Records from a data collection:
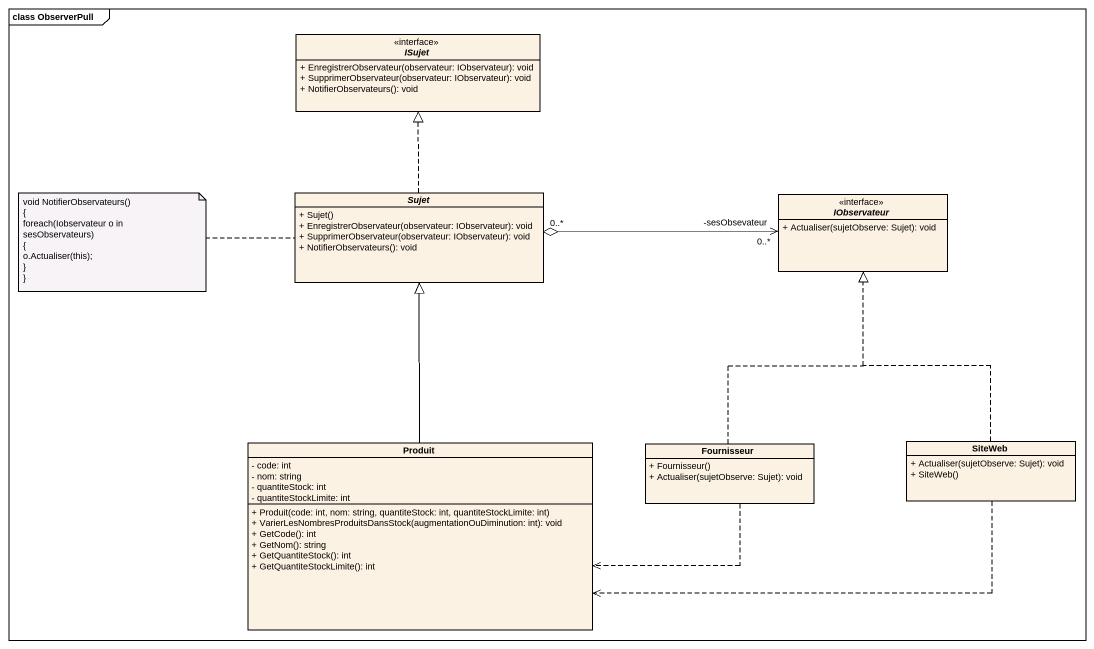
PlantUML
@startuml
mainframe class ObserverPull
hide circle
hide empty members
skinparam classAttributeIconSize 0
interface ISujet <<interface>> {
  + EnregistrerObservateur(observateur: IObservateur): void
  + SupprimerObservateur(observateur: IObservateur): void
  + NotifierObservateurs(): void
}
abstract class Sujet {
  + Sujet()
  + EnregistrerObservateur(observateur: IObservateur): void
  + SupprimerObservateur(observateur: IObservateur): void
  + NotifierObservateurs(): void
}
interface IObservateur <<interface>> {
  + Actualiser(sujetObserve: Sujet): void
}
class Produit {
  - code: int
  - nom: string
  - quantiteStock: int
  - quantiteStockLimite: int
  + Produit(code: int, nom: string, quantiteStock: int, quantiteStockLimite: int)
  + VarierLesNombresProduitsDansStock(augmentationOuDiminution: int): void
  + GetCode(): int
  + GetNom(): string
  + GetQuantiteStock(): int
  + GetQuantiteStockLimite(): int
}
class Fournisseur {
  + Fournisseur()
  + Actualiser(sujetObserve: Sujet): void
}
class SiteWeb {
  + Actualiser(sujetObserve: Sujet): void
  + SiteWeb()
}
Sujet .up.|> ISujet
IObservateur "-sesObsevateur\n0..*" <-left-o "0..*" Sujet
Produit -up-|> Sujet
Fournisseur .up.|> IObservateur
Fournisseur .left.> Produit
SiteWeb .up.|> IObservateur
SiteWeb .left.> Produit
note left of Sujet
  void NotifierObservateurs()
  {
  foreach(Iobservateur o in sesObservateurs)
  {
  o.Actualiser(this);
  ~}
  ~}
end note
@enduml

#### Task to carry out
Only the lines from where the data begins to the line with "Sujet .up.|> ISujet", both of them included, should be reproduced word for word; no pictures.

#### Response area
PlantUML
@startuml
mainframe class ObserverPull
hide circle
hide empty members
skinparam classAttributeIconSize 0
interface ISujet <<interface>> {
  + EnregistrerObservateur(observateur: IObservateur): void
  + SupprimerObservateur(observateur: IObservateur): void
  + NotifierObservateurs(): void
}
abstract class Sujet {
  + Sujet()
  + EnregistrerObservateur(observateur: IObservateur): void
  + SupprimerObservateur(observateur: IObservateur): void
  + NotifierObservateurs(): void
}
interface IObservateur <<interface>> {
  + Actualiser(sujetObserve: Sujet): void
}
class Produit {
  - code: int
  - nom: string
  - quantiteStock: int
  - quantiteStockLimite: int
  + Produit(code: int, nom: string, quantiteStock: int, quantiteStockLimite: int)
  + VarierLesNombresProduitsDansStock(augmentationOuDiminution: int): void
  + GetCode(): int
  + GetNom(): string
  + GetQuantiteStock(): int
  + GetQuantiteStockLimite(): int
}
class Fournisseur {
  + Fournisseur()
  + Actualiser(sujetObserve: Sujet): void
}
class SiteWeb {
  + Actualiser(sujetObserve: Sujet): void
  + SiteWeb()
}
Sujet .up.|> ISujet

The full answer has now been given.